The research on the functionality of comfort zones at The Unicist Research Institute was triggered by the need to simplify the approach to human behavior in the social, familiar, and business fields. It allowed defining the functionalist principles and the binary actions needed to understand and manage according to people’s comfort zones.
Comfort zones define the meaning of life of individuals and establish their place in the world. They become evident when individuals manage conflicts, as the comfort zone provides their safety framework.
Comfort zones, along with the concepts people hold in their minds, are stored in episodic, procedural, and semantic long-term memories. These form the habits, customs, and ethics of individuals and establish the patterns of actions and thought processes that individuals use when they are in their comfort zones.
A comfort zone is a safe place where people can be themselves without the stress produced by environmental influences. Adaptive processes are circumstances where people influence the environment while being influenced by it.
The comfort zones of adults are defined by their capacities, beliefs, and life experiences. Everyone unconsciously builds a comfort zone where there is no stress. In other words, the comfort zone is a place where individuals are in control of the environment and do not need to exert additional influence.
The unicist ontology defines a comfort zone as a safe place where individuals have the freedom to be who they think they are and have the freedom to do what they want to do. There are two “versions” of an individual’s comfort zone: one that serves as a bridge to the real world and another that serves as a bridge to a parallel world. It must be considered that most of the fallacies people build are based on the need to maintain a comfort zone within a parallel reality.
When an external stimulus introduces something new, the comfort zone becomes endangered. This presents two alternatives:
- The individual can expand their comfort zone by integrating the proposed innovation.
- The individual avoids acknowledging the external stimuli, driven by innovation blindness.
Therefore, to introduce improvements in processes, it is necessary to understand the existing comfort zone and find a way to minimize the expansion of the comfort zone.
The unicist ontology of the comfort zone, real-world influence, and the need to enter a parallel world allows for the development of a strategy to influence people without breaking their space in the world.
The Unicist Ontology of Comfort Zones
There are two types of comfort zones: functional comfort zones and stagnated comfort zones. Functional comfort zones foster individuals’ evolution based on their unsatisfied needs, while stagnated comfort zones establish a parallel world to ensure that an individual doesn’t need to adapt to the environment.
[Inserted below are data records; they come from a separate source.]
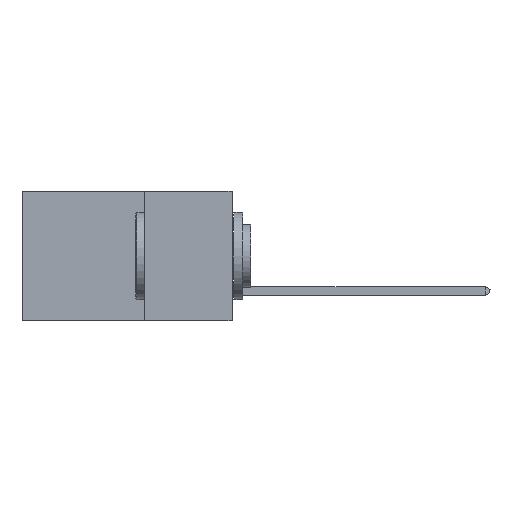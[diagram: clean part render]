
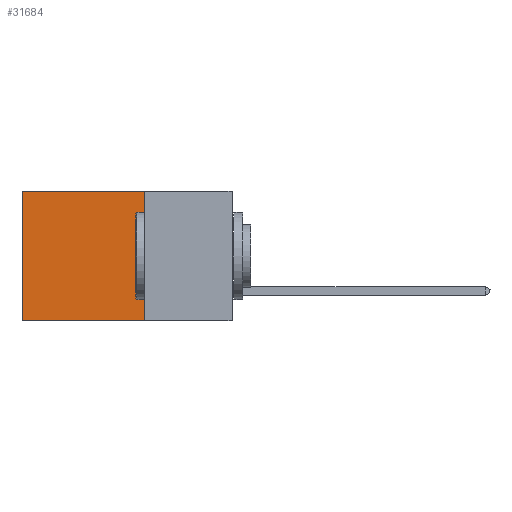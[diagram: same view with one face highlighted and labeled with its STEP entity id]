
A CAD part, left-side view. The second image highlights one B-rep face of the part: STEP entity #31684.
In plain terms, the highlighted planar face has unit normal (-1, 0, 0).
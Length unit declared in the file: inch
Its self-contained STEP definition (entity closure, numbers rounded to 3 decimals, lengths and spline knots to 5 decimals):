
#544 = ORIENTED_EDGE ( 'NONE', *, *, #15803, .F. ) ;
#547 = VECTOR ( 'NONE', #29538, 39.37008 ) ;
#894 = CARTESIAN_POINT ( 'NONE',  ( 0.2875, 0.6, 0. ) ) ;
#1842 = CARTESIAN_POINT ( 'NONE',  ( 0.2875, 0.25, 0. ) ) ;
#2757 = VERTEX_POINT ( 'NONE', #6392 ) ;
#3718 = LINE ( 'NONE', #13868, #10838 ) ;
#3874 = CARTESIAN_POINT ( 'NONE',  ( 0.2875, 0.25, -0.37 ) ) ;
#4031 = LINE ( 'NONE', #1842, #4854 ) ;
#4854 = VECTOR ( 'NONE', #35932, 39.37008 ) ;
#5493 = VERTEX_POINT ( 'NONE', #3874 ) ;
#6023 = DIRECTION ( 'NONE',  ( 1., 0., 0. ) ) ;
#6184 = ORIENTED_EDGE ( 'NONE', *, *, #22237, .T. ) ;
#6392 = CARTESIAN_POINT ( 'NONE',  ( 0.2875, 0.6, -0.37 ) ) ;
#6661 = LINE ( 'NONE', #894, #32580 ) ;
#6751 = ORIENTED_EDGE ( 'NONE', *, *, #26235, .T. ) ;
#7659 = VERTEX_POINT ( 'NONE', #16541 ) ;
#8887 = PLANE ( 'NONE',  #19724 ) ;
#9945 = LINE ( 'NONE', #14939, #547 ) ;
#10099 = ORIENTED_EDGE ( 'NONE', *, *, #20307, .F. ) ;
#10838 = VECTOR ( 'NONE', #16386, 39.37008 ) ;
#13868 = CARTESIAN_POINT ( 'NONE',  ( 0.2875, 0.25, 0. ) ) ;
#14939 = CARTESIAN_POINT ( 'NONE',  ( 0.2875, 0.25, -0.37 ) ) ;
#14979 = DIRECTION ( 'NONE',  ( 0., 0., -1. ) ) ;
#15803 = EDGE_CURVE ( 'NONE', #5493, #2757, #9945, .T. ) ;
#16386 = DIRECTION ( 'NONE',  ( 0., 1., 0. ) ) ;
#16541 = CARTESIAN_POINT ( 'NONE',  ( 0.2875, 0.6, 0. ) ) ;
#17491 = CARTESIAN_POINT ( 'NONE',  ( 0.2875, 0.25, 0. ) ) ;
#19724 = AXIS2_PLACEMENT_3D ( 'NONE', #17491, #6023, #33879 ) ;
#20243 = VERTEX_POINT ( 'NONE', #30278 ) ;
#20307 = EDGE_CURVE ( 'NONE', #20243, #5493, #4031, .T. ) ;
#22237 = EDGE_CURVE ( 'NONE', #7659, #2757, #6661, .T. ) ;
#24686 = FACE_OUTER_BOUND ( 'NONE', #33839, .T. ) ;
#26235 = EDGE_CURVE ( 'NONE', #20243, #7659, #3718, .T. ) ;
#29538 = DIRECTION ( 'NONE',  ( 0., 1., 0. ) ) ;
#30278 = CARTESIAN_POINT ( 'NONE',  ( 0.2875, 0.25, 0. ) ) ;
#31684 = ADVANCED_FACE ( 'NONE', ( #24686 ), #8887, .F. ) ;
#32580 = VECTOR ( 'NONE', #14979, 39.37008 ) ;
#33839 = EDGE_LOOP ( 'NONE', ( #6184, #544, #10099, #6751 ) ) ;
#33879 = DIRECTION ( 'NONE',  ( 0., 0., -1. ) ) ;
#35932 = DIRECTION ( 'NONE',  ( 0., 0., -1. ) ) ;

The Unicist Functionalist Principles of Comfort Zones
The functionalist principles that define the functionality of functional comfort zones are as follows:
Purpose:
The purpose is to provide a safe place in the world that offers an environment where an individual can adapt and evolve.
Active Function:
The active function is represented by the inner freedom people have to be aware of their possibilities and liabilities.
Energy Conservation Function:
The energy conservation function is the inner freedom people have to develop adaptive actions where individuals contribute to the environment and benefit from their counterparts.
The Gravitational Force:
The gravitational force is defined by the unsatisfied needs of individuals that drive their evolution and establish common ground with people who have similar needs.
The Catalyst:
The catalyst is defined by the ideals of individuals that arise from unsatisfied needs and drive the actions of individuals.
Unicist Binary Actions
The binary actions that make comfort zones work are:
UBA1a: Beliefs
The catalysts of the comfort zone are people’s beliefs, which are established by the concepts stored in their minds and triggered by conceptual short-term memory.
UBA1b: Preconcepts
Comfort zones function when the preconcepts in people’s minds are adaptive to a specific environment.
UBA4a: Concepts
The comfort zone fosters evolution when people have conscious concepts in their minds that can be used and adapted to changing circumstances.
UBA4b: Actions
Comfort zones may generate functional or dysfunctional actions. Unilateral actions are dysfunctional, while binary actions are those needed to expand possibilities and ensure results.
Synthesis
A personal functional comfort zone is a safe place where individuals establish their roles to adapt to an environment and evolve. These comfort zones are defined by the conceptual mindsets people use in specific fields of action. They provide the framework for the roles people adopt in various aspects of life, dealing with basic human needs for security, freedom, expansion, and contraction.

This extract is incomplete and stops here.